In addition to the above, you would find an unsettling phenomenon whenever lightning strikes your electrical distribution system. The lightning impulse-voltage spreads instantly throughout your whole network, which not only can explode every single appliance plugged in at the time, but can create lethal arcs many feet in length that reach out to "touch" your customers should they be anywhere near those wires within the walls.
There is a simple solution to these problems: connect your system to the earth. Drive some long metal rods into the earth, and connect them to your wires. That way, lightning currents will be directed into the earth rather than spreading throughout your power lines. Also, the clear-weather sky current can no longer build up a high voltage, if any excess charge immediately leaks into the earth.
Of course you cannot connect BOTH wires to ground, since that would also connect your wires to each other and short out the system. So, you must close your eyes and pick one wire. Connect that wire to ground. Do this at many points throughout your system of power lines, so if one part is disconnected for any reason, it won't present a lightning hazard or static discharge hazard. Now the clear weather sky-voltage will be discharged to earth, and during a lightning strike, the huge current will be diverted into ground at many points, and hopefully will find very few customers' bodies on its way into the earth.
The story isn't over. Since you've made a change to your system, Murphy's Law crops up and informs you that for every problem that you cure, another one is created. Before you "grounded" your system, the AC voltage in general acted pretty safe for your customers. The only way they could get a shock was if they touched both wires at the same time. This was a fairly rare occurrence. One single wire acted as if it was "safe," and it did not deliver shocks. If a miswiring inside an appliance caused one wire to accidentally touch the metal case of the device, your customers could still touch that metal case without danger. Curious kids might still stick their finger in a light socket and receive a shock, but the current was directed through the length of their finger and caused no danger of heart-stoppage.
Now that you've grounded your system, you'll find that suddenly your customers are occasionally dying! One wire of your system is now almost totally safe because it is connected to ground. But the other wire has developed a new hazard, because whenever the occasional customer comes into contact with it, that foolish customer is usually STANDING ON THE GROUND! By grounding half of your electric network, you've accidentally connected one entire half of your network indirectly to everyone's feet. Most of the time the floor is a pretty terrible conductor, so most of the time the hazard is small. However, when someone stands barefoot upon a damp floor, this electrically connects that person into the system. If they touch the grounded ("neutral") wire in the AC system, nothing happens. But if they touch the other, non-grounded wire, this applies the full AC voltage between their feet and finger. The current path within their body then includes the heart muscle, and the resulting AC current induces rapid, tail-chasing heartbeat waves called 'fibrillation' in their main blood pump. And so your new, half-grounded AC system has developed a lethal characteristic. Unfortunately, removing the ground connection causes even more danger, so you can't go back to a "floating" system where Hot and Neutral don't exist.

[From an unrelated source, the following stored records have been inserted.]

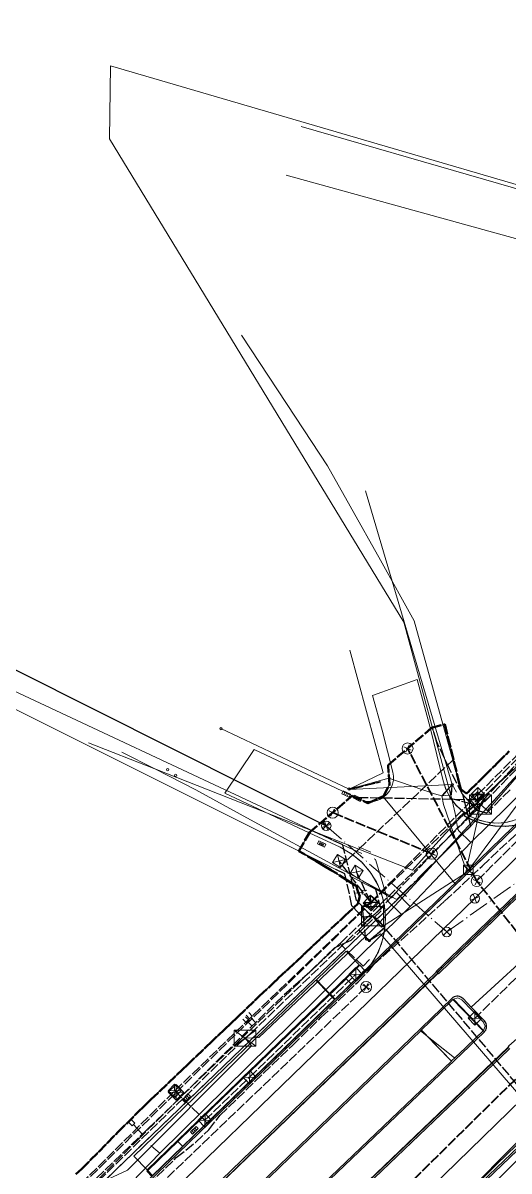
# Model space of a CAD drawing. Header units: metres. Extents: x 105014 to 106600, y 111320 to 118425.
# Drawn here: x 105939.7 to 106001.1, y 115532.5 to 115677.6 of the extents above; entities that cross this region are included whole.
import ezdxf

# ---------------------------------------------------------------- set-up
doc = ezdxf.new("R2010")
doc.units = ezdxf.units.M
doc.linetypes.add('DASHDOT', pattern=[3.556, 2.54, -0.508, 0, -0.508])
doc.linetypes.add('DASHED', pattern=[1.524, 1.27, -0.254])
for name, color, linetype, lineweight in [('00-BASE-LIMITE', 7, 'DASHED', 50), ('00-BASE-UE', 42, 'DASHED', 25), ('10-PAV-BOCACALLE', 9, 'CONTINUOUS', 13), ('10-PAV-CALZADA-BRT', 12, 'CONTINUOUS', 30), ('10-PAV-CALZADA-MIXTA', 8, 'CONTINUOUS', 30), ('10-PAV-CICLORUTA', 76, 'CONTINUOUS', 18), ('10-PAV-SARDINEL', 252, 'CONTINUOUS', 13), ('20-EP-ZONA-DURA', 253, 'CONTINUOUS', 13), ('20-EP-ZONA-VERDE', 84, 'CONTINUOUS', 13), ('30-RED-ENEL-NODOS', 11, 'CONTINUOUS', 13), ('30-RED-ENEL-PROY', 1, 'DASHED', 25), ('30-RED-ETB-CAMARA', 151, 'CONTINUOUS', 13), ('30-RED-ETB-EXIST', 145, 'CONTINUOUS', 13), ('30-RED-ETB-PROY', 5, 'DASHED', 25), ('30-RED-MOVISTAR-CAMARA', 141, 'CONTINUOUS', 13), ('30-RED-MOVISTAR-PROY', 4, 'DASHED', 25), ('30-RED-VANTI-EXIST', 52, 'CONTINUOUS', 13), ('30-RED-VANTI-PROY', 2, 'DASHED', 25), ('30-RED-VANTI-RETIRO', 8, 'DASHDOT', 13), ('35-RH-ACUE-DOMICILIARIA', 152, 'CONTINUOUS', 9), ('35-RH-ACUE-MATRIZ-PJ', 150, 'DASHED', 40), ('35-RH-ACUE-MENOR-EXIST', 151, 'CONTINUOUS', 13), ('35-RH-ACUE-MENOR-PROY', 5, 'DASHED', 25), ('35-RH-PLUV-COLECTOR', 96, 'CONTINUOUS', 30), ('35-RH-PLUV-NODOS', 94, 'CONTINUOUS', 13), ('35-RH-PLUV-RETIRO', 8, 'DASHDOT', 13), ('35-RH-SUDS-ZONAS', 92, 'CONTINUOUS', 20), ('36-RH-SAN-COLECTOR-PROY', 6, 'DASHED', 35), ('36-RH-SAN-POZOS', 216, 'CONTINUOUS', 13)]:
    doc.layers.add(name, color=color, linetype=linetype, lineweight=lineweight)

# ---------------------------------------------------------------- blocks, each defined once
blk = doc.blocks.new('CAM_ETB_T_14')
for p, q in [((-1.39, -1.22), (1.39, 1.22)), ((-1.39, 1.22), (1.39, -1.22))]:
    blk.add_line(p, q)
blk.add_lwpolyline([(-1.39, -1.22), (1.39, -1.22), (1.39, 1.22), (-1.39, 1.22)], close=True)
blk = doc.blocks.new('CAM_ETB_T_13')
for p, q in [((-1.375, -1.025), (1.375, 1.025)), ((-1.375, 1.025), (1.375, -1.025))]:
    blk.add_line(p, q)
blk.add_lwpolyline([(-1.375, -1.025), (1.375, -1.025), (1.375, 1.025), (-1.375, 1.025)], close=True)
blk = doc.blocks.new('CAM_ETB_GEN')
for p, q in [((-0.6, -0.6), (0.6, 0.6)), ((-0.6, 0.6), (0.6, -0.6))]:
    blk.add_line(p, q)
blk.add_lwpolyline([(-0.6, -0.6), (0.6, -0.6), (0.6, 0.6), (-0.6, 0.6)], close=True)
blk = doc.blocks.new('POSTE')
blk.add_circle((0, 0), 0.15)
blk = doc.blocks.new('CAJA_ENEL')
for p, q in [((-0.6, -0.6), (0.6, 0.6)), ((-0.6, 0.6), (0.6, -0.6))]:
    blk.add_line(p, q)
blk.add_lwpolyline([(-0.6, -0.6), (0.6, -0.6), (0.6, 0.6), (-0.6, 0.6)], close=True)
blk = doc.blocks.new('CAM_MOV_CS_276')
for p, q in [((-0.7, -0.7), (0.7, 0.7)), ((-0.7, 0.7), (0.7, -0.7))]:
    blk.add_line(p, q)
blk.add_lwpolyline([(-0.7, -0.7), (0.7, -0.7), (0.7, 0.7), (-0.7, 0.7)], close=True)
blk = doc.blocks.new('POZO_SAN')
for p, q in [((-0.5, 0), (0.5, 0)), ((0, -0.5), (0, 0.5))]:
    blk.add_line(p, q)
blk.add_circle((0, 0), 0.7)
blk = doc.blocks.new('SUMIDERO')
for p, q in [((-0.25, -0.2), (-0.25, 0.2)), ((0, -0.2), (0, 0.2)), ((0.25, -0.2), (0.25, 0.2))]:
    blk.add_line(p, q)
blk.add_lwpolyline([(-0.5, -0.2), (0.5, -0.2), (0.5, 0.2), (-0.5, 0.2)], close=True)
blk = doc.blocks.new('POZO_PLUV')
for p, q in [((-0.42, -0.42), (0.42, 0.42)), ((-0.42, 0.42), (0.42, -0.42))]:
    blk.add_line(p, q)
blk.add_circle((0, 0), 0.6)

msp = doc.modelspace()

# ---------------------------------------------------------------- linework, layer by layer
at = {"layer": '00-BASE-LIMITE'}
msp.add_lwpolyline([(105946.3261, 115532.0831), (105947.0961, 115532.7559), (105951.6441, 115537.3763), (105954.4841, 115540.2033), (105954.6695, 115540.3877), (105955.3821, 115541.0969), (105955.4817, 115541.1895), (105955.6713, 115541.3779), (105955.8109, 115541.5029), (105959.7835, 115545.2857), (105959.8703, 115545.3679), (105960.3961, 115545.8689), (105962.9939, 115548.3423), (105963.2643, 115548.5837), (105964.2977, 115549.5837), (105964.3909, 115549.6725), (105965.0815, 115550.3301), (105965.9533, 115551.1563), (105966.7131, 115551.8835), (105966.8233, 115551.9885), (105968.9665, 115554.0187), (105969.5703, 115554.6041), (105971.6011, 115556.5317), (105971.7705, 115556.6953), (105971.9615, 115556.8895), (105972.9629, 115557.8141), (105973.0813, 115557.9213), (105974.1355, 115558.8935), (105975.1227, 115559.8345), (105975.2687, 115559.9673), (105976.2939, 115560.9313), (105977.3265, 115561.8921), (105977.3705, 115561.9333), (105977.4373, 115561.9959), (105977.5173, 115562.0707), (105980.3975, 115564.7645), (105981.9871, 115566.2513), (105982.0133, 115566.3613), (105982.0317, 115566.4387), (105982.0667, 115566.5857), (105982.2183, 115567.2233), (105981.9977, 115567.8625), (105981.9201, 115568.0873), (105981.8527, 115568.2827), (105981.8491, 115568.2929), (105981.7691, 115568.5251), (105980.6843, 115569.2089), (105978.8201, 115570.3839), (105978.6774, 115570.4739), (105978.6039, 115570.5203), (105977.6949, 115571.0607), (105976.7306, 115571.6343), (105975.1613, 115572.5675), (105974.5245, 115572.9105), (105975.8977, 115575.2923), (105981.2737, 115579.8917), (105983.2585, 115578.9581), (105985.2155, 115579.8619), (105985.9831, 115581.3171), (105985.8079, 115583.7709), (105991.2967, 115588.4669), (105992.9683, 115588.9323), (105993.3655, 115587.3279), (105993.3681, 115587.3173), (105993.3807, 115587.2663), (105993.7719, 115585.6859), (105993.7757, 115585.6711), (105994.1165, 115584.2941), (105994.1323, 115584.2301), (105994.1425, 115584.1889), (105994.6725, 115582.0485), (105994.7213, 115581.8509), (105994.9947, 115580.7467), (105995.2569, 115580.5447), (105995.7341, 115580.1775), (105996.0597, 115580.5003), (105996.0749, 115580.5155), (105996.1183, 115580.5587), (105996.1219, 115580.5621), (105997.4363, 115581.8655), (105997.4882, 115581.9169), (105997.9397, 115582.3645), (105999.2197, 115583.6339), (105999.2474, 115583.6612), (105999.6197, 115584.0305), (105999.6449, 115584.0553), (106001.1299, 115585.5278)], dxfattribs=at)
at = {"layer": '00-BASE-UE'}
msp.add_lwpolyline([(105946.3261, 115532.0831), (105947.0961, 115532.7559), (105951.6441, 115537.3763), (105954.4841, 115540.2033), (105954.6695, 115540.3877), (105955.3821, 115541.0969), (105955.4817, 115541.1895), (105955.6713, 115541.3779), (105955.8109, 115541.5029), (105959.7835, 115545.2857), (105959.8703, 115545.3679), (105960.3961, 115545.8689), (105962.9939, 115548.3423), (105963.2643, 115548.5837), (105964.2977, 115549.5837), (105964.3909, 115549.6725), (105965.0815, 115550.3301), (105965.9533, 115551.1563), (105966.7131, 115551.8835), (105966.8233, 115551.9885), (105968.9665, 115554.0187), (105969.5703, 115554.6041), (105971.6011, 115556.5317), (105971.7705, 115556.6953), (105971.9615, 115556.8895), (105972.9629, 115557.8141), (105973.0813, 115557.9213), (105974.1355, 115558.8935), (105975.1227, 115559.8345), (105975.2687, 115559.9673), (105976.2939, 115560.9313), (105977.3265, 115561.8921), (105977.3705, 115561.9333), (105977.4373, 115561.9959), (105977.5173, 115562.0707), (105980.3975, 115564.7645), (105981.9871, 115566.2513), (105982.0133, 115566.3613), (105982.0317, 115566.4387), (105982.0667, 115566.5857), (105982.2183, 115567.2233), (105981.9977, 115567.8625), (105981.9201, 115568.0873), (105981.8527, 115568.2827), (105981.8491, 115568.2929), (105981.7691, 115568.5251), (105980.6843, 115569.2089), (105978.8201, 115570.3839), (105978.6775, 115570.4739), (105978.6039, 115570.5203), (105977.6949, 115571.0607), (105976.7307, 115571.6343), (105975.1613, 115572.5675), (105974.5245, 115572.9105), (105975.8977, 115575.2923), (105981.2737, 115579.8917), (105983.2585, 115578.9581), (105985.2155, 115579.8619), (105985.9831, 115581.3171), (105985.8079, 115583.7709), (105991.2967, 115588.4669), (105992.9683, 115588.9323), (105993.3655, 115587.3279), (105993.3681, 115587.3173), (105993.3807, 115587.2663), (105993.7719, 115585.6859), (105993.7757, 115585.6711), (105994.1165, 115584.2941), (105994.1323, 115584.2301), (105994.1425, 115584.1889), (105994.6725, 115582.0485), (105994.7213, 115581.8509), (105994.9947, 115580.7467), (105995.2569, 115580.5447), (105995.7341, 115580.1775), (105996.0597, 115580.5003), (105996.0749, 115580.5155), (105996.1183, 115580.5587), (105996.1219, 115580.5621), (105997.4363, 115581.8655), (105997.4883, 115581.9169), (105997.9397, 115582.3645), (105999.2197, 115583.6339), (105999.2475, 115583.6613), (105999.6197, 115584.0305), (105999.6449, 115584.0553), (106001.1299, 115585.5279)], dxfattribs=at)
at = {"layer": '10-PAV-BOCACALLE'}
msp.add_lwpolyline([(106004.4336, 115578.4175), (105994.3791, 115568.6942), (105994.3791, 115568.6942), (105985.2412, 115579.73), (105985.6297, 115580.0621), (105985.9561, 115580.4554), (105986.211, 115580.8983), (105986.3871, 115581.3782), (105986.4792, 115581.8809), (105986.4845, 115582.3919), (105986.4031, 115582.8965), (105985.0821, 115588.1729), (105983.8466, 115592.5746), (105989.471, 115594.5918), (105990.8411, 115589.6185), (105991.1544, 115588.3451), (105992.7703, 115581.7773), (105993.1274, 115580.7067), (105993.6519, 115579.7074), (105994.3301, 115578.8054), (105995.1445, 115578.0241), (105996.0739, 115577.3839), (105997.094, 115576.9012), (105998.1785, 115576.5888), (105999.2991, 115576.4548), (106000.4266, 115576.5025), (106001.5318, 115576.7309)], dxfattribs=at)
msp.add_lwpolyline([(105985.2412, 115579.73), (105994.3791, 115568.6942), (105982.4415, 115557.1515), (105983.5051, 115558.3603), (105984.3609, 115559.7241), (105984.9867, 115561.2076), (105985.3664, 115562.7723), (105985.49, 115564.3776), (105985.3543, 115565.982), (105984.963, 115567.5438), (105984.3261, 115569.0225), (105983.4601, 115570.3799), (105982.3875, 115571.5807), (105981.1361, 115572.5938), (105979.7383, 115573.3929), (105975.8537, 115575.2158), (105965.1901, 115580.2196), (105968.8661, 115585.7401), (105982.2147, 115579.4539), (105982.6397, 115579.2919), (105983.0843, 115579.1959), (105983.5382, 115579.1683), (105983.9912, 115579.2096), (105984.4327, 115579.3189), (105984.8526, 115579.4937), (105985.2412, 115579.73)], close=True, dxfattribs=at)
at = {"layer": '10-PAV-CALZADA-BRT'}
for points in [[(105955.4463, 115522.0051), (105992.0635, 115557.4137), (105992.0773, 115557.4283), (105992.0886, 115557.4449), (105992.0971, 115557.4631), (105992.1025, 115557.4825), (105992.1049, 115557.5024), (105992.104, 115557.5225), (105992.0999, 115557.5422), (105992.0927, 115557.561), (105992.0826, 115557.5783), (105992.0699, 115557.5939), (105992.2358, 115557.7543), (105992.7695, 115558.2704), (105993.802, 115559.2688), (106010.5183, 115575.4333)], [(106015.2871, 115570.5531), (105996.3222, 115553.1897), (105995.2813, 115554.2657), (105995.1497, 115554.38), (105995.0002, 115554.4696), (105994.8374, 115554.532), (105994.6663, 115554.5652), (105994.492, 115554.5681), (105994.3199, 115554.5407), (105994.1551, 115554.4839), (105994.0027, 115554.3993), (105993.8673, 115554.2895), (105957.8339, 115519.4455)], [(105970.1231, 115523.4497), (105997.9561, 115550.0527), (105998.061, 115550.1702), (105998.1462, 115550.3027), (105998.2096, 115550.4469), (105998.2495, 115550.5993), (105998.2649, 115550.756), (105998.2556, 115550.9133), (105998.2217, 115551.0671), (105998.1641, 115551.2137), (105998.0842, 115551.3494), (105997.9839, 115551.4709), (105996.3221, 115553.1896), (106015.2871, 115570.5531)], [(106001.1044, 115548.1789), (106001.0824, 115548.1755), (106001.0614, 115548.1684), (106001.0419, 115548.1576), (106001.0245, 115548.1437), (105972.5415, 115520.9197)]]:
    msp.add_lwpolyline(points, dxfattribs=at)
at = {"layer": '10-PAV-CALZADA-MIXTA'}
for points in [[(105952.6227, 115528.3169), (105972.5012, 115547.5392), (105978.4051, 115553.2483), (105982.4415, 115557.1515), (106004.4336, 115578.4175)], [(106010.5183, 115575.4333), (105992.0699, 115557.5939), (105992.0548, 115557.6073), (105992.0377, 115557.6181), (105992.0191, 115557.626), (105991.9995, 115557.6308), (105991.9794, 115557.6325), (105991.9593, 115557.6309), (105991.9397, 115557.6261), (105991.9211, 115557.6182), (105991.904, 115557.6075), (105991.8895, 115557.5935), (105956.9677, 115523.8243)], [(105969.9933, 115518.1515), (106001.0131, 115547.7797), (106001.2009, 115547.9591)], [(106013.7197, 115546.4335), (105976.7281, 115511.1011)]]:
    msp.add_lwpolyline(points, dxfattribs=at)
at = {"layer": '10-PAV-CICLORUTA'}
for points in [[(105982.1617, 115558.5503), (105978.4237, 115554.9355), (105976.7553, 115556.6607), (105980.4935, 115560.2755), (105982.1617, 115558.5503)], [(105978.3517, 115554.8659), (105955.3479, 115532.6213), (105953.6795, 115534.3467), (105976.6833, 115556.5913), (105978.3517, 115554.8659)]]:
    msp.add_lwpolyline(points, close=True, dxfattribs=at)
at = {"layer": '10-PAV-SARDINEL'}
for points in [[(105952.4837, 115528.4607), (105972.3622, 115547.683), (105978.2661, 115553.3921), (105982.3025, 115557.2953), (106004.2946, 115578.5613)], [(106004.4336, 115578.4175), (105982.4415, 115557.1515), (105978.4051, 115553.2483), (105972.5012, 115547.5392), (105952.6227, 115528.3169)], [(106010.5183, 115575.4333), (105993.802, 115559.2688), (105992.7695, 115558.2704), (105992.2358, 115557.7543), (105992.2358, 115557.7543), (105992.0699, 115557.5939), (105992.0548, 115557.6073), (105992.0377, 115557.6181), (105992.0191, 115557.626), (105991.9995, 115557.6308), (105991.9794, 115557.6325), (105991.9593, 115557.6309), (105991.9397, 115557.6261), (105991.9211, 115557.6182), (105991.904, 115557.6075), (105991.8895, 115557.5935), (105991.8714, 115557.576), (105991.8699, 115557.5939), (105991.8729, 115557.6286), (105991.882, 115557.6623), (105991.8967, 115557.6939), (105991.9167, 115557.7225), (105991.9309, 115557.7377), (105992.0968, 115557.8981), (105992.6305, 115558.4142), (105993.663, 115559.4126), (106010.3793, 115575.5771)], [(105956.9677, 115523.8243), (105991.8895, 115557.5935), (105991.904, 115557.6075), (105991.9211, 115557.6182), (105991.9397, 115557.6261), (105991.9593, 115557.6309), (105991.9794, 115557.6325), (105991.9995, 115557.6308), (105992.0191, 115557.626), (105992.0377, 115557.6181), (105992.0548, 115557.6073), (105992.0699, 115557.5939), (106010.5183, 115575.4333)], [(106010.6573, 115575.2895), (105992.2089, 115557.4501), (105992.1828, 115557.4287), (105992.1533, 115557.412), (105992.1215, 115557.4006), (105992.0882, 115557.3948), (105992.0544, 115557.3947), (105992.0211, 115557.4004), (105991.9892, 115557.4117), (105957.1068, 115523.6806)], [(105969.8546, 115518.2955), (106000.875, 115547.9243), (106001.0208, 115548.0637), (106001.011, 115548.0932), (106001.0059, 115548.1238), (106001.0057, 115548.1549), (106001.0103, 115548.1857), (106001.0197, 115548.2153), (106001.0336, 115548.2431), (106001.0517, 115548.2684), (106001.0735, 115548.2905), (106026.0442, 115570.1228)], [(105957.1068, 115523.6806), (105991.9892, 115557.4117), (105992.0167, 115557.4019), (105992.0454, 115557.3962), (105955.4463, 115522.0051)], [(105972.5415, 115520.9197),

One solution would be to insist that all customers wear dry, insulating footwear, never walk on wet floors, never sit in bathtubs, etc . This guarantees that they are not connected to one half of your system, and it makes the other half of the system act safe again should they touch it. Professional electricians might enjoy the challenge of learning all these rules, but your new requirements would cause some negative repercussions in selling your service to non-experts. To say the least. Some other solution is needed.
The solution: guarantee that no one touches the non-grounded wire. Get into the schools and pound into everone's mind that AC wires are dangerous. Teach all electricians and technical people that one of the wires is now to be called "Hot", and that this wire can be lethal if touched. Choose differing colors for the two wires (black is "hot" in the US, brown is "hot" most everywhere else.) Force manufacturers to treat the wires differently inside appliances, designing with careful wire positioning and adding extra insulation to the "hot" wire.
Another problem springs up. At present, some appliance manufacturers INTENTIONALLY connect the outside of their metal products to one of the power wires. This must be stopped. But economic concerns prevent making massive, instant changes. You can't force a recall of half the appliances in the entire world, and you can't force manufacturers to instantly redesign all their products. The economic upheaval from this would wreck far more lives than the dangerous circuitry does. So instead you decide to change the power outlets of all new homes, as well as changing the plugs of all new appliances, in order to force customers to always stick the plug in the "right" way. Manufacturers must use the new types of cords, but at least they don't have to redesign all of their products. For appliances with one wire connected to the metal case, this connects the case to the grounded or "neutral" side instead of to the "hot" side. Now make one slot of the two-slot electric outlet longer than the other. Do the same with the appliance plugs. Choose the neutral side to be the long slot, the hot side to be the shorter slot. Apply legal pressure to get manufacturers to stop connecting their metal cases to the power wires. Make electricians preserve the polarity of the wiring when they install outlets in new homes. Thus we enter the "Age of the Electrical Outlet with One Long Slot."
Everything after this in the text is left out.